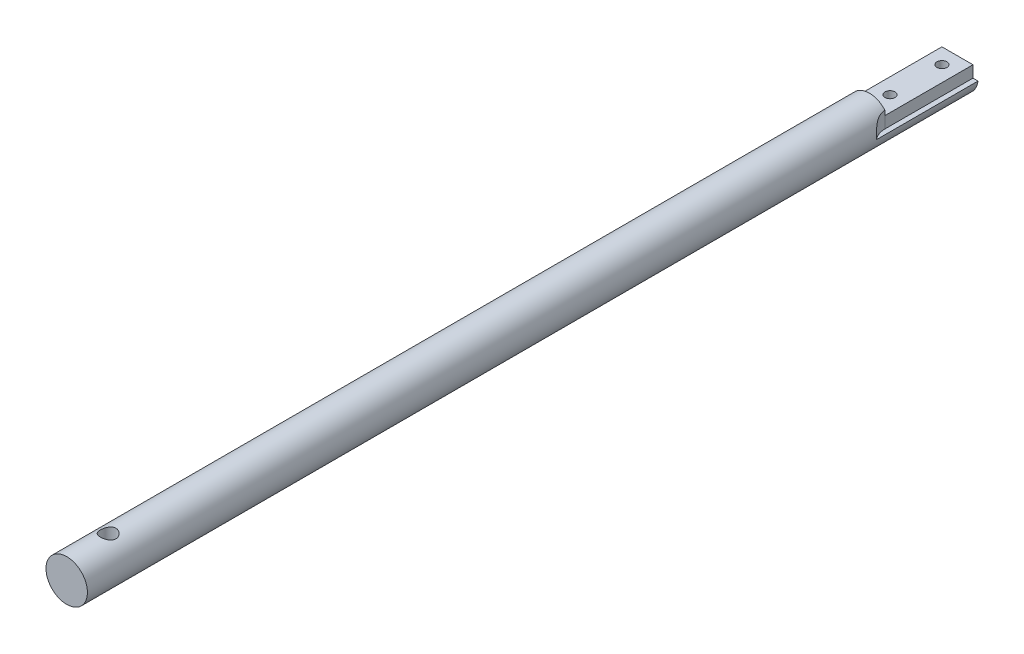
from build123d import *

# Parameters (mm, degrees)
SKETCH1_R                              = 3.175
EXTRUDE1_DEPTH                         = 136.525
CUT_EXTRUDE1_DEPTH                     = 13.49375
CUT_EXTRUDE2_DEPTH                     = 137.608410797
F_0_80_TAPPED_HOLE1_D                  = 1.524
F_3_32_0_09375_PF_DWL_DIAMETER_HOLE3_D = 2.3749


with BuildPart() as part:
    # Sketch1 → Extrude1 (new body)
    with BuildSketch(Plane(origin=(0, 0, 0), x_dir=(-1, 0, 0), z_dir=(0, 0, -1))):
        Circle(SKETCH1_R)
    extrude(amount=-EXTRUDE1_DEPTH)

    # Sketch3 → Cut-Extrude1 (cut)
    with BuildSketch(Plane(origin=(0, 0, 0), x_dir=(-1, 0, 0), z_dir=(0, 0, -1))):
        Polygon((4.8895, -0.3889375), (2.38125, -0.3889375), (2.38125, 1.3890625), (-2.38125, 1.3890625), (-2.38125, -0.3889375), (-4.6355, -0.3889375), (-4.6355, 4.3735625), (4.8895, 4.3735625), align=None)
    extrude(amount=-CUT_EXTRUDE1_DEPTH, mode=Mode.SUBTRACT)

    # Sketch4 → Cut-Extrude2 (cut, through all)
    with BuildSketch(Plane(origin=(0, -0.3889375, 0), x_dir=(-1, 0, 0), z_dir=(0, 1, 0))):
        with BuildLine():
            Line((-2.38125, 10.318877), (-8.73125, 10.318877))
            Line((-8.73125, 10.318877), (-8.73125, 16.668877))
            Line((-8.73125, 16.668877), (-5.55625, 16.668877))
            ThreePointArc((-5.55625, 16.668877), (-3.31118597, 15.73894103), (-2.38125, 13.493877))
            Line((-2.38125, 13.493877), (-2.38125, 10.318877))
        make_face()
        with BuildLine():
            Line((8.73125, 10.318877), (8.73125, 16.668877))
            Line((8.73125, 16.668877), (5.55625, 16.668877))
            ThreePointArc((5.55625, 16.668877), (3.31118597, 15.73894103), (2.38125, 13.493877))
            Line((2.38125, 13.493877), (2.38125, 10.318877))
            Line((2.38125, 10.318877), (8.73125, 10.318877))
        make_face()
    extrude(amount=CUT_EXTRUDE2_DEPTH, mode=Mode.SUBTRACT)

    # 0-80 Tapped Hole1 (through all)
    with Locations(Plane(origin=(0, 1.3890625, 0), x_dir=(-1, 0, 0), z_dir=(0, 1, 0))):
        with Locations((0.003634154, 10.3378), (0.015904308, 2.3622)):
            Hole(F_0_80_TAPPED_HOLE1_D / 2)

    # 3_32 _0.09375_ PF DWL Diameter Hole3 (through all)
    with Locations(Plane(origin=(0, -3.2004, 0), x_dir=(-1, 0, 0), z_dir=(0, -1, 0))):
        with Locations((0, -130.175)):
            Hole(F_3_32_0_09375_PF_DWL_DIAMETER_HOLE3_D / 2)


solid = part.part
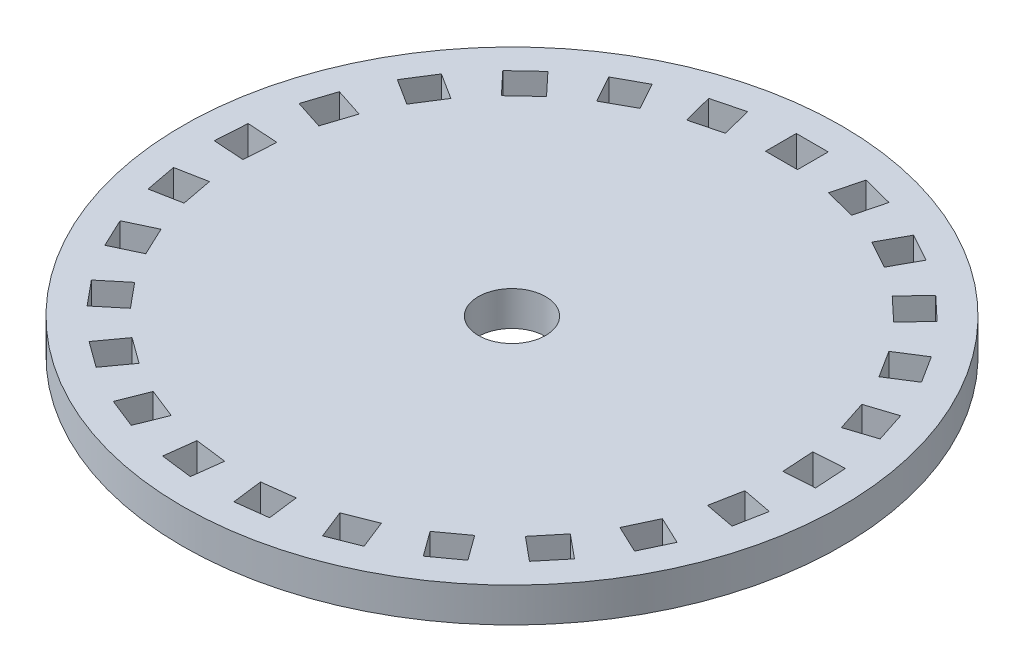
ISO-10303-21;
HEADER;
FILE_DESCRIPTION(('STEP AP214'),'2;1');
FILE_NAME('part.step','',(''),(''),'','','');
FILE_SCHEMA(('AUTOMOTIVE_DESIGN { 1 0 10303 214 1 1 1 1 }'));
ENDSEC;
DATA;
#1=APPLICATION_CONTEXT('core data for automotive mechanical design processes');
#2=APPLICATION_PROTOCOL_DEFINITION('international standard','automotive_design',2000,#1);
#3=PRODUCT_CONTEXT('',#1,'mechanical');
#4=PRODUCT('Part','Part','',(#3));
#5=PRODUCT_RELATED_PRODUCT_CATEGORY('part','',(#4));
#6=PRODUCT_DEFINITION_FORMATION('','',#4);
#7=PRODUCT_DEFINITION_CONTEXT('part definition',#1,'design');
#8=PRODUCT_DEFINITION('design','',#6,#7);
#9=PRODUCT_DEFINITION_SHAPE('','',#8);
#10=(LENGTH_UNIT() NAMED_UNIT(*) SI_UNIT(.MILLI.,.METRE.));
#11=(NAMED_UNIT(*) PLANE_ANGLE_UNIT() SI_UNIT($,.RADIAN.));
#12=(NAMED_UNIT(*) SI_UNIT($,.STERADIAN.) SOLID_ANGLE_UNIT());
#13=UNCERTAINTY_MEASURE_WITH_UNIT(LENGTH_MEASURE(1.E-05),#10,'distance_accuracy_value','');
#14=(GEOMETRIC_REPRESENTATION_CONTEXT(3) GLOBAL_UNCERTAINTY_ASSIGNED_CONTEXT((#13)) GLOBAL_UNIT_ASSIGNED_CONTEXT((#10,
#11,#12)) REPRESENTATION_CONTEXT('',''));
#15=CARTESIAN_POINT('',(0.,0.,0.));
#16=DIRECTION('',(0.,0.,1.));
#17=DIRECTION('',(1.,0.,0.));
#18=AXIS2_PLACEMENT_3D('',#15,#16,#17);
#19=CARTESIAN_POINT('',(0.,2.9972,0.));
#20=DIRECTION('',(0.,1.,0.));
#21=DIRECTION('',(0.,0.,1.));
#22=AXIS2_PLACEMENT_3D('',#19,#20,#21);
#23=PLANE('',#22);
#24=DIRECTION('',(-0.876306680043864,0.,0.481753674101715));
#25=VECTOR('',#24,1.);
#26=CARTESIAN_POINT('',(-13.7555282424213,2.9972,-22.1477528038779));
#27=LINE('',#26,#25);
#28=CARTESIAN_POINT('',(-11.3293855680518,2.9972,-23.4815360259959));
#29=VERTEX_POINT('',#28);
#30=CARTESIAN_POINT('',(-13.7555282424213,2.9972,-22.1477528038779));
#31=VERTEX_POINT('',#30);
#32=EDGE_CURVE('E688',#29,#31,#27,.T.);
#33=ORIENTED_EDGE('',*,*,#32,.F.);
#34=DIRECTION('',(-0.481753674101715,0.,-0.876306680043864));
#35=VECTOR('',#34,1.);
#36=CARTESIAN_POINT('',(-10.0445485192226,2.9972,-21.1444261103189));
#37=LINE('',#36,#35);
#38=CARTESIAN_POINT('',(-10.0445485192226,2.9972,-21.1444261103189));
#39=VERTEX_POINT('',#38);
#40=EDGE_CURVE('E686',#39,#29,#37,.T.);
#41=ORIENTED_EDGE('',*,*,#40,.F.);
#42=DIRECTION('',(0.876306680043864,0.,-0.481753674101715));
#43=VECTOR('',#42,1.);
#44=CARTESIAN_POINT('',(-12.470691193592,2.9972,-19.8106428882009));
#45=LINE('',#44,#43);
#46=CARTESIAN_POINT('',(-12.470691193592,2.9972,-19.8106428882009));
#47=VERTEX_POINT('',#46);
#48=EDGE_CURVE('E694',#47,#39,#45,.T.);
#49=ORIENTED_EDGE('',*,*,#48,.F.);
#50=DIRECTION('',(0.481753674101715,0.,0.876306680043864));
#51=VECTOR('',#50,1.);
#52=CARTESIAN_POINT('',(-12.470691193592,2.9972,-19.8106428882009));
#53=LINE('',#52,#51);
#54=EDGE_CURVE('E691',#31,#47,#53,.T.);
#55=ORIENTED_EDGE('',*,*,#54,.F.);
#56=EDGE_LOOP('',(#33,#41,#49,#55));
#57=FACE_BOUND('',#56,.T.);
#58=DIRECTION('',(-0.535826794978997,0.,0.844327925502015));
#59=VECTOR('',#58,1.);
#60=CARTESIAN_POINT('',(-22.7238225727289,2.9972,-12.781447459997));
#61=LINE('',#60,#59);
#62=CARTESIAN_POINT('',(-21.2403325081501,2.9972,-15.1190537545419));
#63=VERTEX_POINT('',#62);
#64=CARTESIAN_POINT('',(-22.7238225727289,2.9972,-12.781447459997));
#65=VERTEX_POINT('',#64);
#66=EDGE_CURVE('E750',#63,#65,#61,.T.);
#67=ORIENTED_EDGE('',*,*,#66,.F.);
#68=DIRECTION('',(-0.844327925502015,0.,-0.535826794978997));
#69=VECTOR('',#68,1.);
#70=CARTESIAN_POINT('',(-18.9885099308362,2.9972,-13.6900036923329));
#71=LINE('',#70,#69);
#72=CARTESIAN_POINT('',(-18.9885099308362,2.9972,-13.6900036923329));
#73=VERTEX_POINT('',#72);
#74=EDGE_CURVE('E748',#73,#63,#71,.T.);
#75=ORIENTED_EDGE('',*,*,#74,.F.);
#76=DIRECTION('',(0.535826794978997,0.,-0.844327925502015));
#77=VECTOR('',#76,1.);
#78=CARTESIAN_POINT('',(-20.4719999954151,2.9972,-11.352397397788));
#79=LINE('',#78,#77);
#80=CARTESIAN_POINT('',(-20.4719999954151,2.9972,-11.352397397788));
#81=VERTEX_POINT('',#80);
#82=EDGE_CURVE('E756',#81,#73,#79,.T.);
#83=ORIENTED_EDGE('',*,*,#82,.F.);
#84=DIRECTION('',(0.844327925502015,0.,0.535826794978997));
#85=VECTOR('',#84,1.);
#86=CARTESIAN_POINT('',(-20.4719999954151,2.9972,-11.352397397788));
#87=LINE('',#86,#85);
#88=EDGE_CURVE('E753',#65,#81,#87,.T.);
#89=ORIENTED_EDGE('',*,*,#88,.F.);
#90=EDGE_LOOP('',(#67,#75,#83,#89));
#91=FACE_BOUND('',#90,.T.);
#92=DIRECTION('',(-0.0627905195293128,0.,0.998026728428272));
#93=VECTOR('',#92,1.);
#94=CARTESIAN_POINT('',(-26.0705467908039,2.9972,-0.253182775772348));
#95=LINE('',#94,#93);
#96=CARTESIAN_POINT('',(-25.896704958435,2.9972,-3.01631957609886));
#97=VERTEX_POINT('',#96);
#98=CARTESIAN_POINT('',(-26.0705467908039,2.9972,-0.253182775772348));
#99=VERTEX_POINT('',#98);
#100=EDGE_CURVE('E812',#97,#99,#95,.T.);
#101=ORIENTED_EDGE('',*,*,#100,.F.);
#102=DIRECTION('',(-0.998026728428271,0.,-0.0627905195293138));
#103=VECTOR('',#102,1.);
#104=CARTESIAN_POINT('',(-23.2349676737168,2.9972,-2.84885726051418));
#105=LINE('',#104,#103);
#106=CARTESIAN_POINT('',(-23.2349676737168,2.9972,-2.84885726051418));
#107=VERTEX_POINT('',#106);
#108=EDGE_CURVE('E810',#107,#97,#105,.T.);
__________________________________________________
▶ [WHAT YOU WILL DO]
What is the number of lines in the listing above that hold "Locations"? Respond with that number and nothing else.

▶ [RESPONSE TO THE TASK]
4